Reproduce every entry exactly and leave its pictures out.

START Data to process

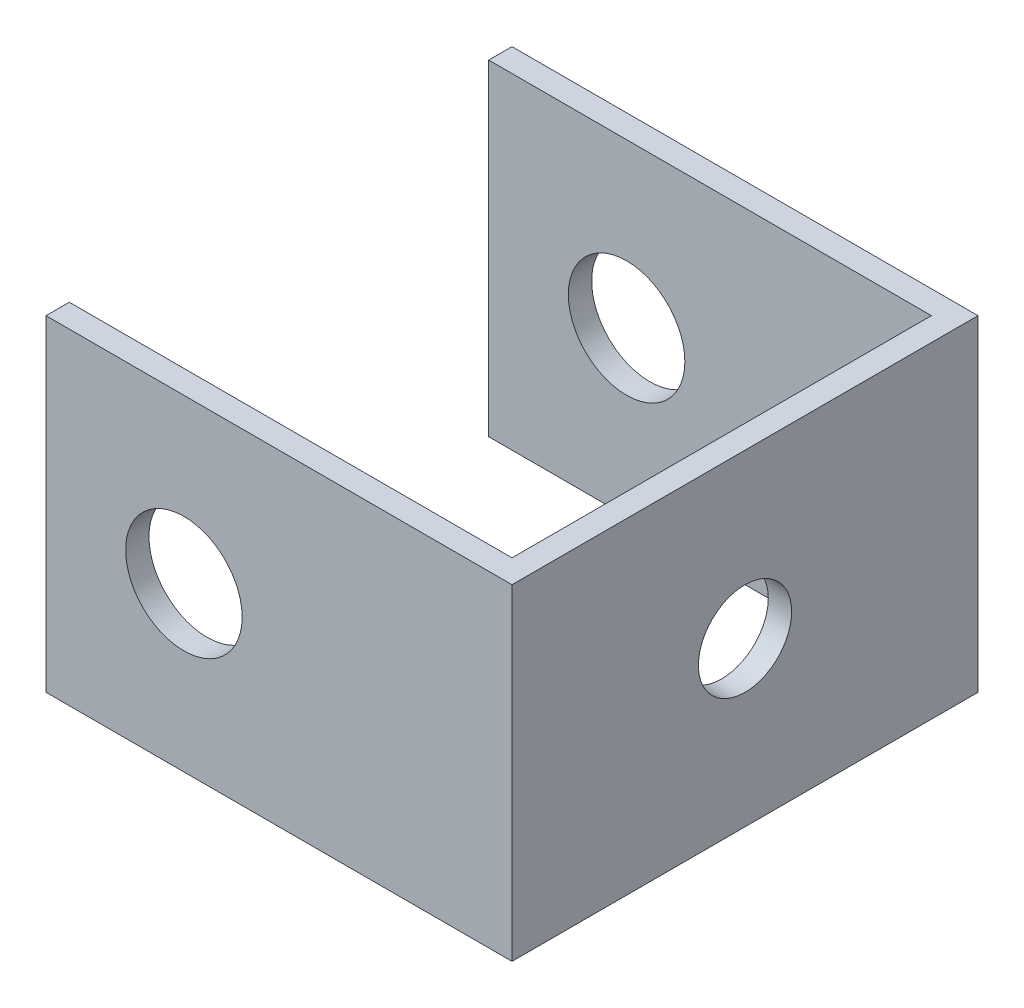
from build123d import *

# Parameters (mm, degrees)
BOSS_EXTRUDE1_DEPTH = 14
SKETCH2_R           = 2.5
CUT_EXTRUDE1_DEPTH  = 20
CUT_EXTRUDE2_REACH  = 22
SKETCH3_R           = 2


with BuildPart() as part:
    # Sketch1 → Boss-Extrude1 (new body)
    with BuildSketch(Plane(origin=(0, 0, 0), x_dir=(1, 0, 0), z_dir=(0, 1, 0))):
        Polygon((-10, -10), (10, -10), (10, 10), (-10, 10), (-10, 9), (9, 9), (9, -9), (-10, -9), align=None)
    extrude(amount=BOSS_EXTRUDE1_DEPTH)

    # Sketch2 → Cut-Extrude1 (cut)
    with BuildSketch(Plane.XY.offset(10)):
        with Locations((-4.081710117, 7)):
            Circle(SKETCH2_R)
    extrude(amount=-CUT_EXTRUDE1_DEPTH, mode=Mode.SUBTRACT)

    # Sketch3 → Cut-Extrude2 (cut, up to next)
    with BuildSketch(Plane(origin=(10, 0, 0), x_dir=(0, 0, -1), z_dir=(1, 0, 0)), mode=Mode.PRIVATE) as cut_extrude2_sk1:
        with Locations((0, 7)):
            Circle(SKETCH3_R)
    cut_extrude2_tool1 = extrude(cut_extrude2_sk1.sketch, amount=-CUT_EXTRUDE2_REACH, mode=Mode.PRIVATE) & part.part
    add(cut_extrude2_tool1.solids().sort_by_distance((10, 7, 0))[0], mode=Mode.SUBTRACT)


solid = part.part

END Data to process

= Response =
from build123d import *

# Parameters (mm, degrees)
BOSS_EXTRUDE1_DEPTH = 14
SKETCH2_R           = 2.5
CUT_EXTRUDE1_DEPTH  = 20
CUT_EXTRUDE2_REACH  = 22
SKETCH3_R           = 2


with BuildPart() as part:
    # Sketch1 → Boss-Extrude1 (new body)
    with BuildSketch(Plane(origin=(0, 0, 0), x_dir=(1, 0, 0), z_dir=(0, 1, 0))):
        Polygon((-10, -10), (10, -10), (10, 10), (-10, 10), (-10, 9), (9, 9), (9, -9), (-10, -9), align=None)
    extrude(amount=BOSS_EXTRUDE1_DEPTH)

    # Sketch2 → Cut-Extrude1 (cut)
    with BuildSketch(Plane.XY.offset(10)):
        with Locations((-4.081710117, 7)):
            Circle(SKETCH2_R)
    extrude(amount=-CUT_EXTRUDE1_DEPTH, mode=Mode.SUBTRACT)

    # Sketch3 → Cut-Extrude2 (cut, up to next)
    with BuildSketch(Plane(origin=(10, 0, 0), x_dir=(0, 0, -1), z_dir=(1, 0, 0)), mode=Mode.PRIVATE) as cut_extrude2_sk1:
        with Locations((0, 7)):
            Circle(SKETCH3_R)
    cut_extrude2_tool1 = extrude(cut_extrude2_sk1.sketch, amount=-CUT_EXTRUDE2_REACH, mode=Mode.PRIVATE) & part.part
    add(cut_extrude2_tool1.solids().sort_by_distance((10, 7, 0))[0], mode=Mode.SUBTRACT)


solid = part.part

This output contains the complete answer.